Le périmètre du trapèze, les surfaces du losange ou du parallélogramme, il fallait se les mettre dans la tête à coup de répétitions, mais π, grâce à son étrangeté restait gravé. Je ne me souviens pas d’une personne hésitant pour énoncer l’étonnant, l’inhabituel 3,14. Qu’après, à la multiplication, beaucoup se trompassent ne changeait rien au fait que π était entré dans la mémoire pour ne plus en sortir. Il y avait, en plus, la lettre grecque, son allure de portique à volutes, ce dessin auquel la main n’était pas habituée, cette impression en la traçant d’avoir pénétré dans la magie de savoirs secrets. Pour toujours π était présent dans tous les cercles ou arcs de cercles du monde.
L’institutrice prenait un air mystérieux pour dire 3,14 comme si elle ne disait pas toute la vérité. Peut-être même ajoutait-elle une phrase sibylline dans le genre : « Enfin 3,14 pas tout à fait. Vous verrez plus tard quand vous serez grandes. » Cela, je l’ai oublié, je ne me souviens que d’une impression de mystère.

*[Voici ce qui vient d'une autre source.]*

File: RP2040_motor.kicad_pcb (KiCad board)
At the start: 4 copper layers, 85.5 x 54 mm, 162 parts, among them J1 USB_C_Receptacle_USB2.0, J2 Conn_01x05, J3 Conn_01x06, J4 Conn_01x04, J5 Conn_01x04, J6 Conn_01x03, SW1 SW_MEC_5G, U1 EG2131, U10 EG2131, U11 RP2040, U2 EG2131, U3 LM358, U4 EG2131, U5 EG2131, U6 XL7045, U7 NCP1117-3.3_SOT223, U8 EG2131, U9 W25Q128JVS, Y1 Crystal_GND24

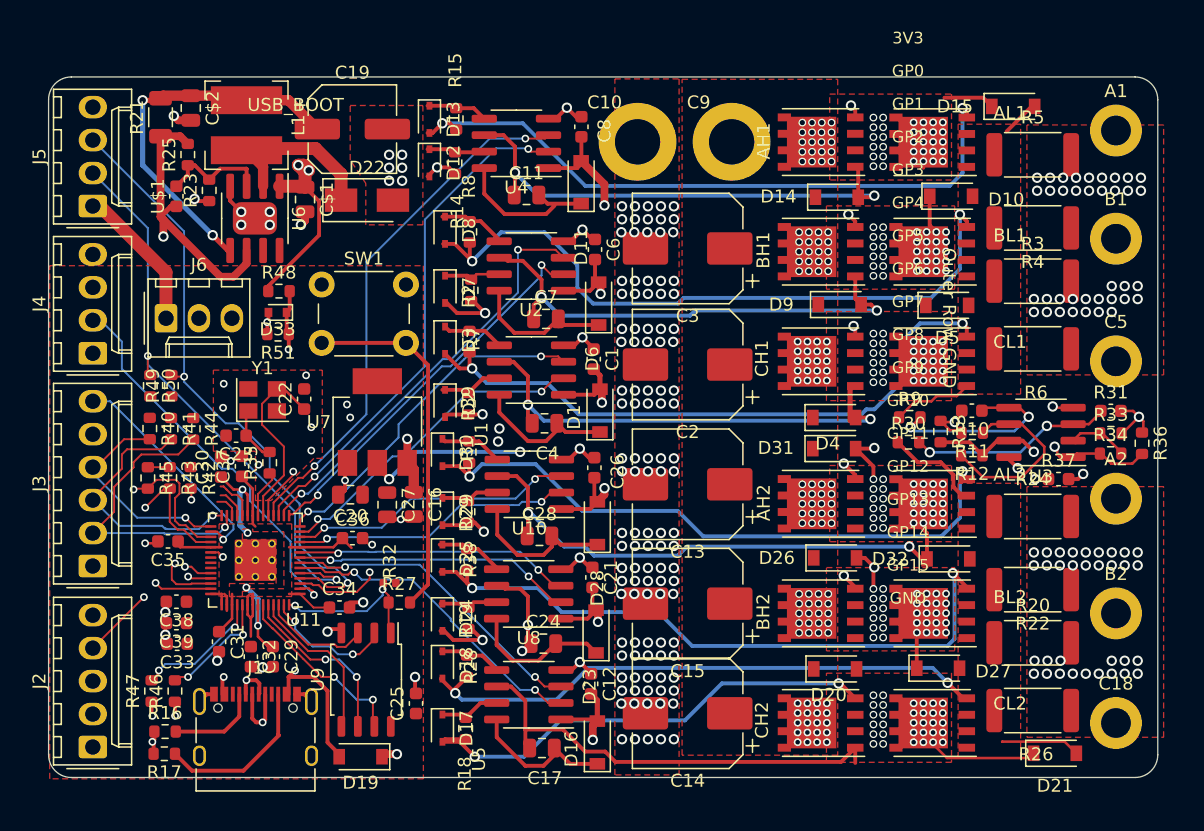
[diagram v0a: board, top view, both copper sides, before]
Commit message: Update files for price quote. DO NOT ORDER THESE BOARDS FROM THIS COMMIT!
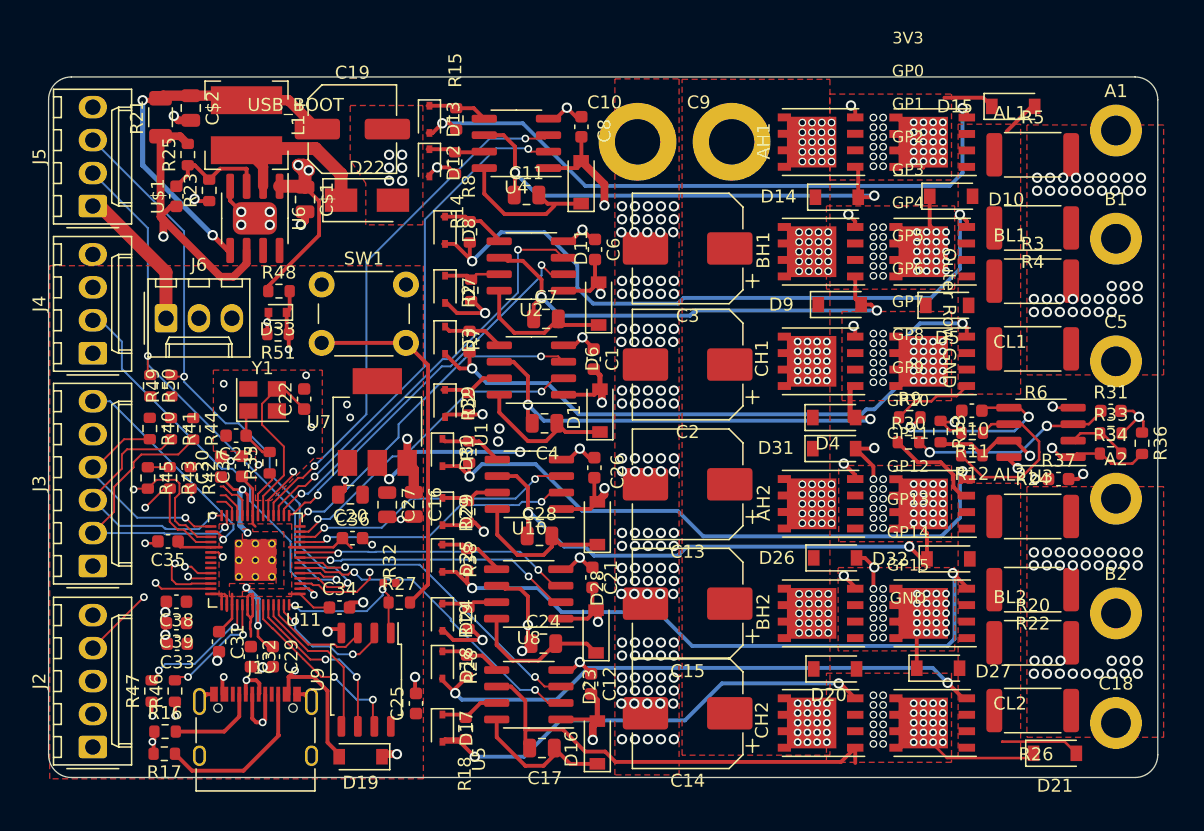
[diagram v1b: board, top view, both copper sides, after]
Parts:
- R51: value 5k -> 5.1k

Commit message: In progress independent phase current measurement.
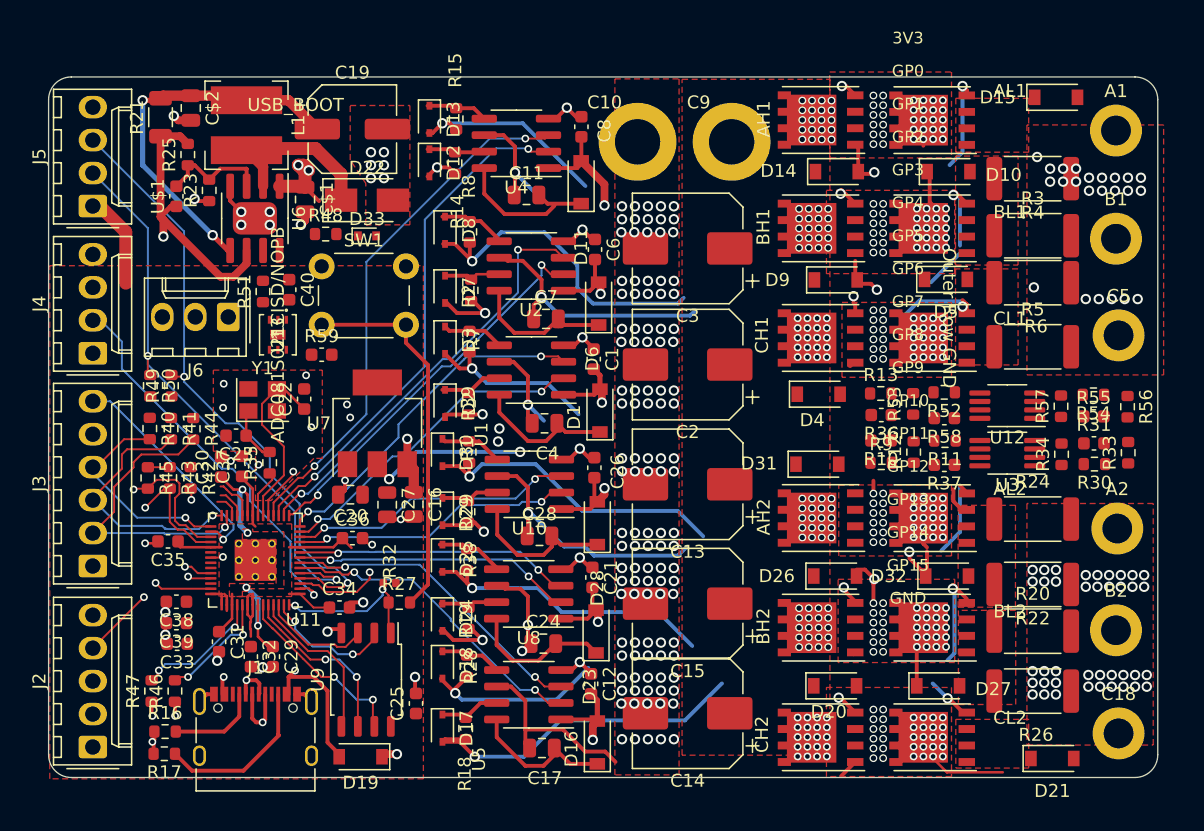
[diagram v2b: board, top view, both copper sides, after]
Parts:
- added C40: 1u, Capacitor_SMD:C_0603_1608Metric, F.Cu at (92.9, 84.4)
- added R52: 4.64k, Resistor_SMD:R_0603_1608Metric, F.Cu at (143.4, 92.3)
- added R53: 133k, Resistor_SMD:R_0603_1608Metric, F.Cu at (141.0, 93.2)
- added R54: 499R, Resistor_SMD:R_0603_1608Metric, F.Cu at (154.9, 92.5)
- added R55: 0.1uF, Capacitor_SMD:C_0603_1608Metric, F.Cu at (154.9, 94.2)
- added R56: 4.64k, Resistor_SMD:R_0603_1608Metric, F.Cu at (157.5, 93.4)
- added R57: 133k, Resistor_SMD:R_0603_1608Metric, F.Cu at (152.4, 93.4)
- added R58: 0.1uF, Capacitor_SMD:C_0603_1608Metric, F.Cu at (143.4, 94.3)
- added R59: 0.1uF, Capacitor_SMD:C_0603_1608Metric, F.Cu at (95.4, 89.4)
- added U12: LM358, Package_SO:MSOP-8_3x3mm_P0.65mm, F.Cu at (148.2, 93.3)
- added U13: ADC081S021CISD/NOPB, ADC081S021:ADC081S021CISD&slash_NOPB, F.Cu at (92.0, 87.9)
- R11, R33: value 6.04k -> 4.64k
- R12, R34: value 88.7K -> 133k
- R13: value DNS -> 499R
- R20, R22, R24, R26, R3, R4, R5, R6: value 8mΩ -> 4mΩ
- R30, R9: value 1.1k -> 499R
- R36: value DNS -> 0.1uF; footprint Resistor_SMD:R_0603_1608Metric -> Capacitor_SMD:C_0603_1608Metric
- U3: footprint Package_SO:SOIC-8_3.9x4.9mm_P1.27mm -> Package_SO:MSOP-8_3x3mm_P0.65mm
- moved R36 20.2 mm to (138.5, 94.1), turned to 180 degrees
- moved R5 14.8 mm to (150.2, 88.8)
- moved R30 14.4 mm to (155.0, 97.8), turned to 180 degrees
- moved D33 9.08 mm to (98.9, 80.2), turned to 0 degrees
- moved R37 8.87 mm to (143.4, 97.9), turned to 180 degrees
- moved R10 7.37 mm to (138.5, 96.0)
- moved R48 5.69 mm to (95.7, 80.1)
- moved R13 5.46 mm to (138.5, 92.4), turned to 0 degrees
- moved R6 5.10 mm to (150.2, 83.9)
- moved J6 4.80 mm to (88.2, 86.5), turned to 180 degrees
- moved R12 4.49 mm to (141.0, 96.9), turned to 90 degrees
- moved R9 4.13 mm to (138.5, 97.7)
- moved R4 3.80 mm to (150.2, 75.8)
- moved R34 3.78 mm to (152.4, 97.1), turned to 90 degrees
- moved R3 3.50 mm to (150.2, 80.2)
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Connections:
- AL1 pad 1: VSENSE2 -> GND
- AL2 pad 1: VSENSE1 -> VSENSE1A
- BL1 pad 1: VSENSE2 -> VSENSE2B
- BL2 pad 1: VSENSE1 -> VSENSE1B
- CL1 pad 1: VSENSE2 -> VSENSE2C
- CL2 pad 1: VSENSE1 -> GND
- D10 pad 2: VSENSE2 -> VSENSE2B
- D15 pad 2: VSENSE2 -> GND
- D21 pad 2: VSENSE1 -> GND
- D27 pad 2: VSENSE1 -> VSENSE1B
- D32 pad 2: VSENSE1 -> VSENSE1A
- D33 pad 1: A3 -> Net-(U13-Pad3)
- D5 pad 2: VSENSE2 -> VSENSE2C
- J6 pad 1: +3V3 -> /RUN
- J6 pad 2: A4 -> /SWCLK
- J6 pad 3: GND -> /SWD
- R12 pad 1: A2 -> A4
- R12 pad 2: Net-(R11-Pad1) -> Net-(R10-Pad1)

S’il y a un moment important dans la connaissance, c’est bien cette énième leçon du cours moyen où π entra dans notre vie, où nous apprîmes que ce cercle dont la rondeur satisfaisait l’esprit autant que l’œil, cette fluidité évidente de roue qui tourne se réalisait avec un nombre imparfait. Non seulement il y avait deux chiffres après la virgule mais ils ne correspondaient à aucune division précise. A la rigueur avec 3,25 ou 3,75 nous eussions compris. Ne parlons pas de 3,50 qui nous eût totalement rassurés. Mais 3,14, c’était le mouvant, l’incertain. L’inquiétude. Et encore nous ne savions pas tout.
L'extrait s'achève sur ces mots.